§ **Work order**
The records are to be repeated in full. Every line must match.

━━━━━━

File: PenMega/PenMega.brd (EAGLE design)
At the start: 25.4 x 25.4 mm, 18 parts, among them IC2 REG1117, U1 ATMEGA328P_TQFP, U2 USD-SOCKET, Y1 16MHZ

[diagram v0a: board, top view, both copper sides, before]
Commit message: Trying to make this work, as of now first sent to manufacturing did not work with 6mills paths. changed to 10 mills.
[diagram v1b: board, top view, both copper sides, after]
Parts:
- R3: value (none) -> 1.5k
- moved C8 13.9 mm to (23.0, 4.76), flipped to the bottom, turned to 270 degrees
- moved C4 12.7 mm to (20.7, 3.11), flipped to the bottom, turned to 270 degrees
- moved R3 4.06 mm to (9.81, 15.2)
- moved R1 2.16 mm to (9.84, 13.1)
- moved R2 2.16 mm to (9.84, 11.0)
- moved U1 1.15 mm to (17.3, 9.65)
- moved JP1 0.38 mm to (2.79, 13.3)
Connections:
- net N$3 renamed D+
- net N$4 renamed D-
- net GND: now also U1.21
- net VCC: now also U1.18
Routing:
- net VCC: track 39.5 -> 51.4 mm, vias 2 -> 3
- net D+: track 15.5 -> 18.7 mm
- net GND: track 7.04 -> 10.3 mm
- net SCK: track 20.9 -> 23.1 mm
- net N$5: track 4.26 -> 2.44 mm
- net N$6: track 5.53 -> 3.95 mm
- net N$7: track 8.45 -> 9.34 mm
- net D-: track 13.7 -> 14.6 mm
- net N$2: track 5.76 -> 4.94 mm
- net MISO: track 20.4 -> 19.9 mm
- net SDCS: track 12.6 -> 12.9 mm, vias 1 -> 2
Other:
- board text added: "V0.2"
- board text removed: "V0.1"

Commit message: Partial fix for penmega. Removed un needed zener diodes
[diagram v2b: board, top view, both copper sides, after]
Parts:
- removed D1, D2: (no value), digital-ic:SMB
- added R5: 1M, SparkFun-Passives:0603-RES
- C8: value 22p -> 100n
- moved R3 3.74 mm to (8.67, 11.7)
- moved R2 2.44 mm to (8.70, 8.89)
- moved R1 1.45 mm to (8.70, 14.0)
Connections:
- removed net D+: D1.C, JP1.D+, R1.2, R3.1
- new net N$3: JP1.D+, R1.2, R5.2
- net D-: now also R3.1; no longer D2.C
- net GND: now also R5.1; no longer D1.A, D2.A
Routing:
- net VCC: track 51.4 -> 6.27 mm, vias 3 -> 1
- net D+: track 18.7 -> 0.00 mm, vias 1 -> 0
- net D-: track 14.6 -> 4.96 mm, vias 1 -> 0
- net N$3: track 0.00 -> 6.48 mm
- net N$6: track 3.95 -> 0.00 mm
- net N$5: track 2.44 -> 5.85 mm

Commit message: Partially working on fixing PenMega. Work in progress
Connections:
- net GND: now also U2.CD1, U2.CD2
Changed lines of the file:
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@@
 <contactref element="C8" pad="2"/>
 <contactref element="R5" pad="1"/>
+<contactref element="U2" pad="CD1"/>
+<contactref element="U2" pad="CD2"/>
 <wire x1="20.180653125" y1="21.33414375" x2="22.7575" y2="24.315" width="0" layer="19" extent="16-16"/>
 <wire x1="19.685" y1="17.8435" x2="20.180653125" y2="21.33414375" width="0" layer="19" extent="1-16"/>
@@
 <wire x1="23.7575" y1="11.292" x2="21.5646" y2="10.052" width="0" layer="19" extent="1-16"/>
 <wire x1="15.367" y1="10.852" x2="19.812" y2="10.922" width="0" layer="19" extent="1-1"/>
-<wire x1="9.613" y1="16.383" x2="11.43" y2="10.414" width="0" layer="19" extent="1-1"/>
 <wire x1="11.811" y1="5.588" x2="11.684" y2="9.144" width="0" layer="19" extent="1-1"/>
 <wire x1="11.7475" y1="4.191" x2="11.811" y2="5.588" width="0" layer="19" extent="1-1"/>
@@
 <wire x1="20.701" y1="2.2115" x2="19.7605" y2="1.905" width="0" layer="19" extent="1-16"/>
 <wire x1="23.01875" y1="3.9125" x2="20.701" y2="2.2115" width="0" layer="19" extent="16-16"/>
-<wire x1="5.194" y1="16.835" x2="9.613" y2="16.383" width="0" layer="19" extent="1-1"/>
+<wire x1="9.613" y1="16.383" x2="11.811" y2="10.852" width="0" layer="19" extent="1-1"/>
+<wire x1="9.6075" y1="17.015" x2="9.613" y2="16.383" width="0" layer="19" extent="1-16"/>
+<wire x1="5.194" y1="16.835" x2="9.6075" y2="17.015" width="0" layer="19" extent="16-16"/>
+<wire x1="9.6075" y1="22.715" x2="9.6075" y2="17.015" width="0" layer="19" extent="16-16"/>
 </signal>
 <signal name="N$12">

━━━━━━

§ **Task answer**
File: PenMega/PenMega.brd (EAGLE design)
At the start: 25.4 x 25.4 mm, 18 parts, among them IC2 REG1117, U1 ATMEGA328P_TQFP, U2 USD-SOCKET, Y1 16MHZ

[diagram v0a: board, top view, both copper sides, before]
Commit message: Trying to make this work, as of now first sent to manufacturing did not work with 6mills paths. changed to 10 mills.
[diagram v1b: board, top view, both copper sides, after]
Parts:
- R3: value (none) -> 1.5k
- moved C8 13.9 mm to (23.0, 4.76), flipped to the bottom, turned to 270 degrees
- moved C4 12.7 mm to (20.7, 3.11), flipped to the bottom, turned to 270 degrees
- moved R3 4.06 mm to (9.81, 15.2)
- moved R1 2.16 mm to (9.84, 13.1)
- moved R2 2.16 mm to (9.84, 11.0)
- moved U1 1.15 mm to (17.3, 9.65)
- moved JP1 0.38 mm to (2.79, 13.3)
Connections:
- net N$3 renamed D+
- net N$4 renamed D-
- net GND: now also U1.21
- net VCC: now also U1.18
Routing:
- net VCC: track 39.5 -> 51.4 mm, vias 2 -> 3
- net D+: track 15.5 -> 18.7 mm
- net GND: track 7.04 -> 10.3 mm
- net SCK: track 20.9 -> 23.1 mm
- net N$5: track 4.26 -> 2.44 mm
- net N$6: track 5.53 -> 3.95 mm
- net N$7: track 8.45 -> 9.34 mm
- net D-: track 13.7 -> 14.6 mm
- net N$2: track 5.76 -> 4.94 mm
- net MISO: track 20.4 -> 19.9 mm
- net SDCS: track 12.6 -> 12.9 mm, vias 1 -> 2
Other:
- board text added: "V0.2"
- board text removed: "V0.1"

Commit message: Partial fix for penmega. Removed un needed zener diodes
[diagram v2b: board, top view, both copper sides, after]
Parts:
- removed D1, D2: (no value), digital-ic:SMB
- added R5: 1M, SparkFun-Passives:0603-RES
- C8: value 22p -> 100n
- moved R3 3.74 mm to (8.67, 11.7)
- moved R2 2.44 mm to (8.70, 8.89)
- moved R1 1.45 mm to (8.70, 14.0)
Connections:
- removed net D+: D1.C, JP1.D+, R1.2, R3.1
- new net N$3: JP1.D+, R1.2, R5.2
- net D-: now also R3.1; no longer D2.C
- net GND: now also R5.1; no longer D1.A, D2.A
Routing:
- net VCC: track 51.4 -> 6.27 mm, vias 3 -> 1
- net D+: track 18.7 -> 0.00 mm, vias 1 -> 0
- net D-: track 14.6 -> 4.96 mm, vias 1 -> 0
- net N$3: track 0.00 -> 6.48 mm
- net N$6: track 3.95 -> 0.00 mm
- net N$5: track 2.44 -> 5.85 mm

Commit message: Partially working on fixing PenMega. Work in progress
Connections:
- net GND: now also U2.CD1, U2.CD2
Changed lines of the file:
@@
 <contactref element="C8" pad="2"/>
 <contactref element="R5" pad="1"/>
+<contactref element="U2" pad="CD1"/>
+<contactref element="U2" pad="CD2"/>
 <wire x1="20.180653125" y1="21.33414375" x2="22.7575" y2="24.315" width="0" layer="19" extent="16-16"/>
 <wire x1="19.685" y1="17.8435" x2="20.180653125" y2="21.33414375" width="0" layer="19" extent="1-16"/>
@@
 <wire x1="23.7575" y1="11.292" x2="21.5646" y2="10.052" width="0" layer="19" extent="1-16"/>
 <wire x1="15.367" y1="10.852" x2="19.812" y2="10.922" width="0" layer="19" extent="1-1"/>
-<wire x1="9.613" y1="16.383" x2="11.43" y2="10.414" width="0" layer="19" extent="1-1"/>
 <wire x1="11.811" y1="5.588" x2="11.684" y2="9.144" width="0" layer="19" extent="1-1"/>
 <wire x1="11.7475" y1="4.191" x2="11.811" y2="5.588" width="0" layer="19" extent="1-1"/>
@@
 <wire x1="20.701" y1="2.2115" x2="19.7605" y2="1.905" width="0" layer="19" extent="1-16"/>
 <wire x1="23.01875" y1="3.9125" x2="20.701" y2="2.2115" width="0" layer="19" extent="16-16"/>
-<wire x1="5.194" y1="16.835" x2="9.613" y2="16.383" width="0" layer="19" extent="1-1"/>
+<wire x1="9.613" y1="16.383" x2="11.811" y2="10.852" width="0" layer="19" extent="1-1"/>
+<wire x1="9.6075" y1="17.015" x2="9.613" y2="16.383" width="0" layer="19" extent="1-16"/>
+<wire x1="5.194" y1="16.835" x2="9.6075" y2="17.015" width="0" layer="19" extent="16-16"/>
+<wire x1="9.6075" y1="22.715" x2="9.6075" y2="17.015" width="0" layer="19" extent="16-16"/>
 </signal>
 <signal name="N$12">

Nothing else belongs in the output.